Hey, frznFinn I'll bet you'll like the Polaris 500 Sportsmen. I bought a new one in 2000 and it has served me well. Only reason I'm considering the upgrade is because of the added weight I can carry on the 800 machine.


----------



## Split Shot (May 15, 2004)

I've got an '06 800EFI and love it. Plenty of power, starts instantly reguardless of temp, throttle response is awsome. Very comfortable and stable ride. Independant rear suspension is great for climbing over logs etc. on trails, lots of ground clearance. 4WD system works great, chain it to a tree it will dig 4 holes. Plows snow like a small truck. Really like the 60" Polaris plow, extemely easy to put on and take off.

Hope this helps, Al


----------



## Rooster Cogburn (Nov 5, 2007)

Split shot...thank's for the endorsement. Been looking at a 2006 that's new/never used at the local dealer's. May go ahead and buy it this spring if its still available. My brother-in-law recently bought a 2006, 700 Polaris that was also new/never used.
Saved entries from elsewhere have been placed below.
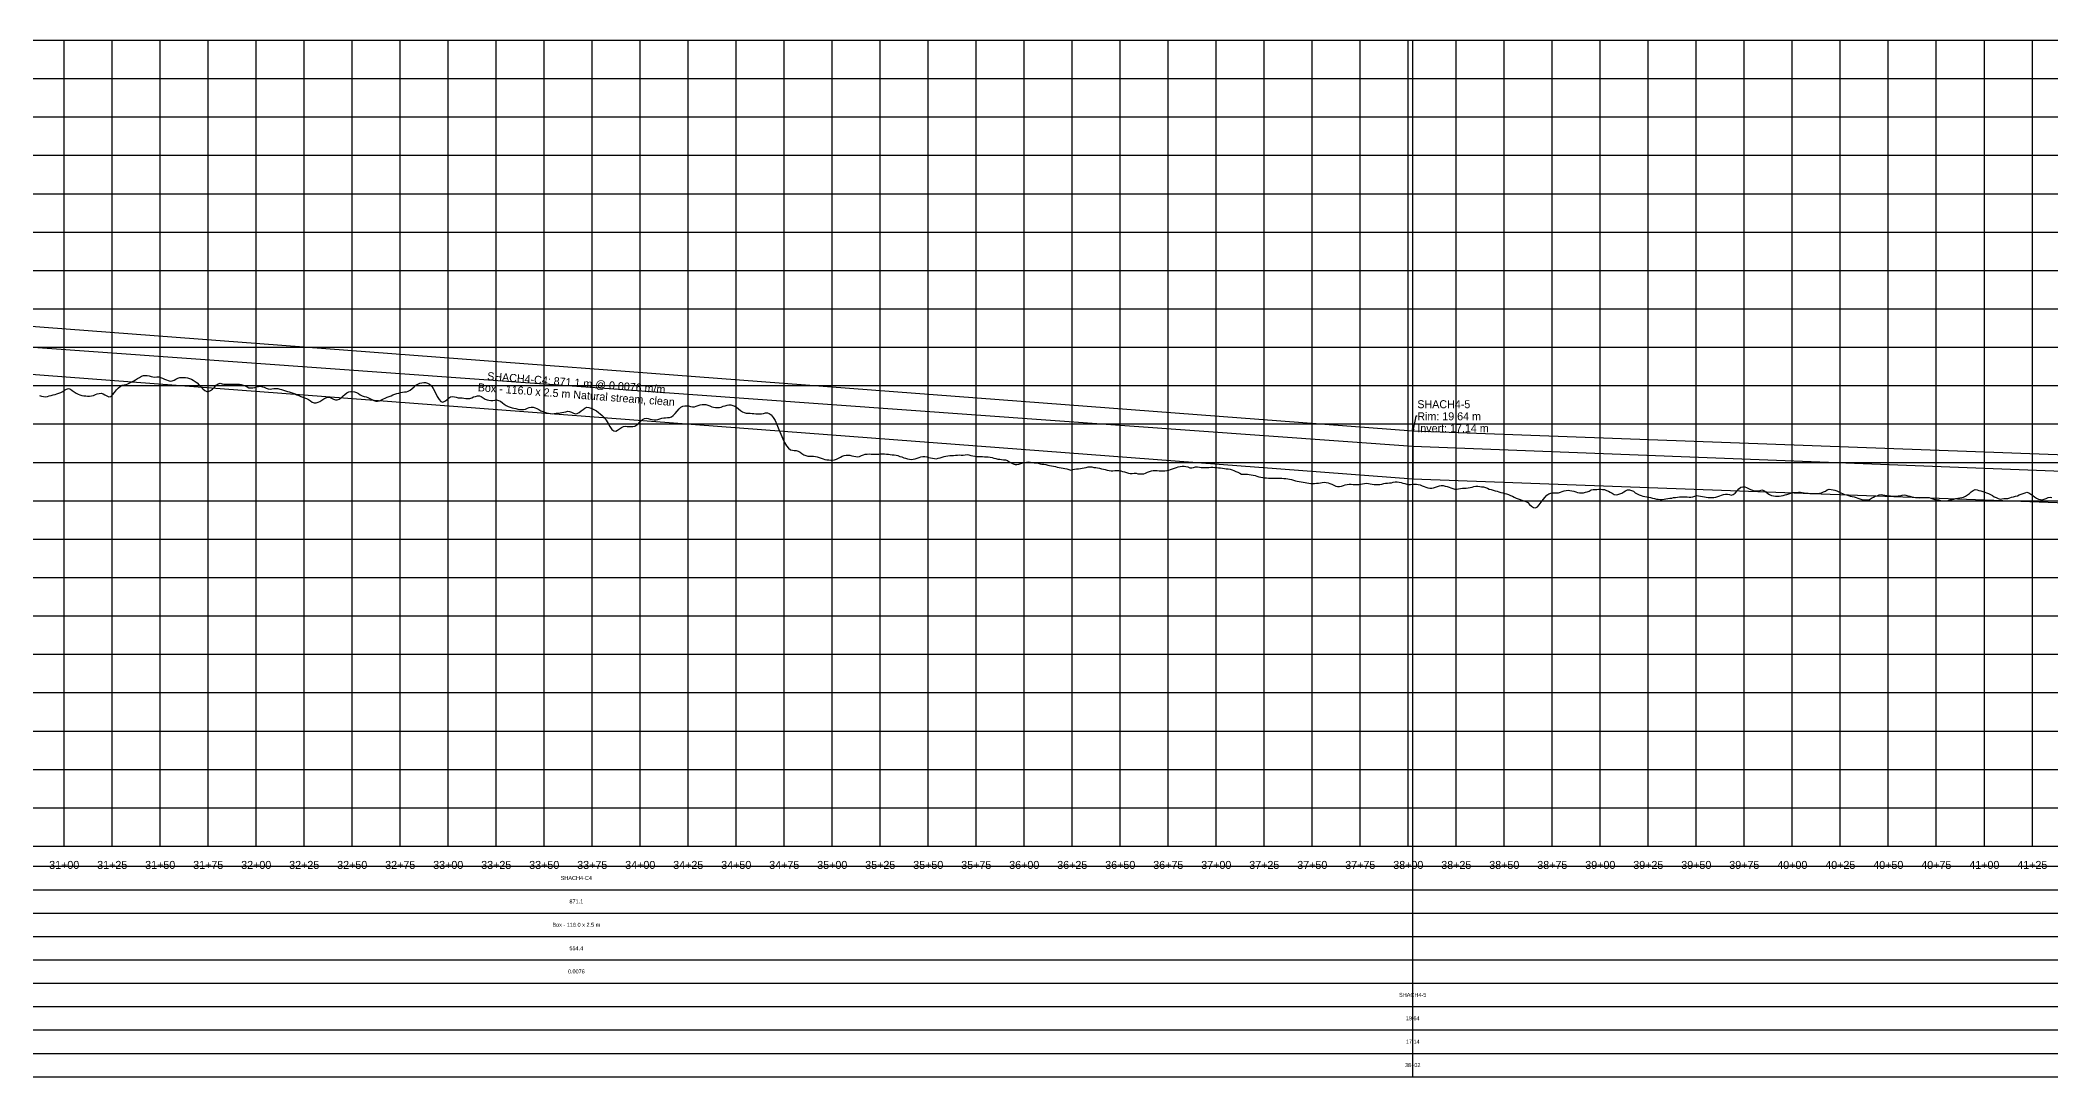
# Model space of a CAD drawing. Extents: x -64 to 8315, y -140 to 402.
# Drawn here: x 3087 to 4135, y -140 to 400 of the extents above; entities that cross this region are included whole.
import ezdxf
from ezdxf.enums import TextEntityAlignment as Align

# ---------------------------------------------------------------- set-up
doc = ezdxf.new("R2010")
doc.units = 0
for name, color, linetype in [('Annotation', 7, 'Continuous'), ('Annotation_Table', 254, 'Continuous'), ('Crown', 7, 'Continuous'), ('Grid', 254, 'Continuous'), ('Grid_Text', 7, 'Continuous'), ('Ground_Elevation', 3, 'Continuous'), ('Hydraulic_Grade', 5, 'Continuous'), ('Invert', 7, 'Continuous'), ('Structure', 7, 'Continuous')]:
    doc.layers.add(name, color=color, linetype=linetype)

msp = doc.modelspace()

# ---------------------------------------------------------------- linework, layer by layer
at = {"layer": 'Annotation', "color": 0}
msp.add_lwpolyline([(3804.7, 204), (3804, 204), (3802.3, 196.4)], dxfattribs=at)
msp.add_lwpolyline([(3802.3, 196.4), (3802.1, 197.4), (3802.8, 197.2)], close=True, dxfattribs=at)
at = {"layer": 'Annotation_Table', "color": 254}
for points in [[(3802.3, -140.2), (3802.3, 400)], [(-25, -30.5), (8300, -30.5)], [(-25, -42.7), (8300, -42.7)], [(-25, -54.9), (8300, -54.9)], [(-25, -67.1), (8300, -67.1)], [(-25, -79.2), (8300, -79.2)], [(-25, -91.4), (8300, -91.4)], [(-25, -103.6), (8300, -103.6)], [(-25, -115.8), (8300, -115.8)], [(-25, -128), (8300, -128)], [(-25, -140.2), (8300, -140.2)]]:
    msp.add_lwpolyline(points, dxfattribs=at)
at = {"layer": 'Crown', "color": 0}
for points in [[(2931.2, 262.4), (3802.3, 196.4)], [(3802.3, 196.4), (3802.3, 196.4)], [(3802.3, 196.4), (5381.1, 138.4)]]:
    msp.add_lwpolyline(points, dxfattribs=at)
at = {"layer": 'Grid', "color": 254}
for points in [[(-25, 400), (8300, 400)], [(3100, -20), (3100, 400)], [(3125, -20), (3125, 400)], [(3150, -20), (3150, 400)], [(3175, -20), (3175, 400)], [(3200, -20), (3200, 400)], [(3225, -20), (3225, 400)], [(3250, -20), (3250, 400)], [(3275, -20), (3275, 400)], [(3300, -20), (3300, 400)], [(3325, -20), (3325, 400)], [(3350, -20), (3350, 400)], [(3375, -20), (3375, 400)], [(3400, -20), (3400, 400)], [(3425, -20), (3425, 400)], [(3450, -20), (3450, 400)], [(3475, -20), (3475, 400)], [(3500, -20), (3500, 400)], [(3525, -20), (3525, 400)], [(3550, -20), (3550, 400)], [(3575, -20), (3575, 400)], [(3600, -20), (3600, 400)], [(3625, -20), (3625, 400)], [(3650, -20), (3650, 400)], [(3675, -20), (3675, 400)], [(3700, -20), (3700, 400)], [(3725, -20), (3725, 400)], [(3750, -20), (3750, 400)], [(3775, -20), (3775, 400)], [(3800, -20), (3800, 400)], [(3825, -20), (3825, 400)], [(3850, -20), (3850, 400)], [(3875, -20), (3875, 400)], [(3900, -20), (3900, 400)], [(3925, -20), (3925, 400)], [(3950, -20), (3950, 400)], [(3975, -20), (3975, 400)], [(4000, -20), (4000, 400)], [(4025, -20), (4025, 400)], [(4050, -20), (4050, 400)], [(4075, -20), (4075, 400)], [(4100, -20), (4100, 400)], [(4125, -20), (4125, 400)], [(-25, 380), (8300, 380)], [(-25, 360), (8300, 360)], [(-25, 340), (8300, 340)], [(-25, 320), (8300, 320)], [(-25, 300), (8300, 300)], [(-25, 280), (8300, 280)], [(-25, 260), (8300, 260)], [(-25, 240), (8300, 240)], [(-25, 220), (8300, 220)], [(-25, 200), (8300, 200)], [(-25, 180), (8300, 180)], [(-25, 160), (8300, 160)], [(-25, 140), (8300, 140)], [(-25, 120), (8300, 120)], [(-25, 100), (8300, 100)], [(-25, 80), (8300, 80)], [(-25, 60), (8300, 60)], [(-25, 40), (8300, 40)], [(-25, 20), (8300, 20)], [(-25, 0), (8300, 0)], [(-25, -20), (8300, -20)]]:
    msp.add_lwpolyline(points, dxfattribs=at)
at = {"layer": 'Ground_Elevation', "color": 3}
msp.add_lwpolyline([(3087.2, 214.9), (3088.2, 214.5), (3089.2, 214.3), (3090.2, 214.2), (3091.2, 214.4), (3092.2, 214.7), (3093.2, 214.9), (3094.2, 215.1), (3095.2, 215.4), (3096.2, 215.7), (3097.2, 216), (3098.2, 216.4), (3099.2, 216.9), (3100.2, 217.6), (3101.2, 218.1), (3102.2, 218.4), (3103.2, 218.1), (3104.2, 217.5), (3105.2, 216.8), (3106.2, 216.1), (3107.2, 215.6), (3108.2, 215.1), (3109.2, 214.8), (3110.2, 214.7), (3111.2, 214.6), (3112.2, 214.5), (3113.2, 214.5), (3114.2, 214.6), (3115.2, 214.9), (3116.2, 215.3), (3117.2, 215.7), (3118.2, 215.9), (3119.2, 216), (3120.2, 215.7), (3121.2, 215.1), (3122.2, 214.6), (3123.2, 214.1), (3124.2, 214.4), (3125.2, 215.2), (3126.2, 216.4), (3127.2, 217.8), (3128.2, 218.9), (3129.2, 219.6), (3130.2, 220.2), (3131.2, 220.4), (3132.2, 220.6), (3133.2, 220.9), (3134.2, 221.4), (3135.2, 221.9), (3136.2, 222.4), (3137.2, 223), (3138.2, 223.7), (3139.2, 224.3), (3140.2, 224.9), (3141.2, 225.2), (3142.2, 225.3), (3143.2, 225.3), (3144.2, 225.1), (3145.2, 224.8), (3146.2, 224.6), (3147.2, 224.4), (3148.2, 224.5), (3149.2, 224.5), (3150.2, 224.3), (3151.2, 223.9), (3152.2, 223.4), (3153.2, 223), (3154.2, 222.6), (3155.2, 222.3), (3156.2, 222.4), (3157.2, 222.8), (3158.2, 223.3), (3159.2, 223.8), (3160.2, 224.2), (3161.2, 224.3), (3162.2, 224.3), (3163.2, 224.2), (3164.2, 224), (3165.2, 223.7), (3166.2, 223.3), (3167.2, 222.8), (3168.2, 222.2), (3169.2, 221.4), (3170.2, 220.3), (3171.2, 219.3), (3172.2, 218.3), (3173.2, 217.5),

It was surprising how easy it steers compared to my 2000 Polaris 500 sportsmen.


----------



## glockman55 (Mar 9, 2006)

Rooster Cogburn said:


> Glockman55,
> A UTV would be great, but unfortunately the U.S. Forest Service recently placed restrictions limiting the trails machines over 50 inches wide are allowed to operate. Its a crying shame. Lots of folks around here in the NW U.P. bought UTV's only to learn they have limited trail opportunities.
> 
> I know, my Mule is 55", but where I go in the U.P. it doesn't much matter, every year they change their laws on ATV's, won't be long before you won't be able to ride anywhere. Snowmobiles are their money maker right now. I use my Mule out West on hunts, Corrupt State politicians haven't affected It out there yet.


----------



## kkirkens (Jan 6, 2003)

If you want a side by side and want to be trail legal, get a polaris RZR. I sold my rhino because of issues with it and the fact I couldn't ride the state trails. The RZR is 50" wide and trail legal! Here's mine.


----------



## Swamp Monster (Jan 11, 2002)

kkirkens,
What kind of issues with the Rhino if I may ask? I have heard they are about bullet proof but I'm sure there are always some issues. I have a Brute Force now but want more utility and two person capability for hunting. The RZR is sweet but I'm not sure how much more utlity it offers than a regular atv (other than 2 people ofcourse). I know they are starting to come out with some extended racks etc so I am keeping an eye on the aftermarket to see how much the utility aspect can be improved. I don't hit the trails nearly as much as I like, but I still like to have that option.

Sweet Mustang by the way!


----------



## kkirkens (Jan 6, 2003)

Yes, the rzr is definitely more for the sport sided folks who still want a little bit of work. It will pull the same 1500 lbs, so it can still do plowing, field work, planting, etc.

As for the rhino, I had an 04 and did every mod known to man to try to get some power out of that dog. The clutch system is absolute garbage. It's a wet/dry system and even with the mudder clutch kit, it didn't have the ability to turn all 4 in thick mud. As for the list of problems, bad stator, 3 bad fuel pumps, 2 broken cv's, rear frame cracked in 2 places around the area where the differential mounts, and one of the tie rods broke while going down the trail. Overall, an ok machine, but I would buy the arctic cat prowler before I bought that thing again. If I wanted more work, then a straight up ranger xp. The big thing about the rzr is the 50" stance for the trail riders.


----------



## Swamp Monster (Jan 11, 2002)

kkirkens said:


> As for the rhino, I had an 04 and did every mod known to man to try to get some power out of that dog. The clutch system is absolute garbage. It's a wet/dry system and even with the mudder clutch kit, it didn't have the ability to turn all 4 in thick mud. As for the list of problems, bad stator, 3 bad fuel pumps, 2 broken cv's, rear frame cracked in 2 places around the area where the differential mounts, and one of the tie rods broke while going down the trail. Overall, an ok machine, but I would buy the arctic cat prowler before I bought that thing again. If I wanted more work, then a straight up ranger xp. The big thing about the rzr is the 50" stance for the trail riders.


Wow, yeah I would consider those issues!! The new Rhino 700 efi supposedly has better low end power but is still limited to the same top end speed of the 660's. The clutch is the same though I believe. I have heard the reliability of the AC Prowler has been poor at best, but I have more research to do. I like the Prowler a lot and the new 700 is supposedly fast, topping out over 60 depending how they govern it. I will wait to check out the the new Kawasaki Teryx 750 as it will have the strongest motor, but unfortunately for this year, it won't be fuel injected. Hopefully I can make a decision by next fall. 
Thanks for the info, I appreciate it!


----------



## Fish&GameWhisperer (Jan 27, 2008)

I bought a new 2007 model last fall and have been extremely pleased with it. Yes it is big, but I can definately get places where a UTV can not. All presonla preference, I suppose. The only problem that I had was the Polaris brand winch went out after not much use. I had only used to winch up a couple of deer up to hang during bow season and then two plow a couple of time. Hmm. Anyway, Polaris was very good about it and the dealer did replace it with a new one.


----------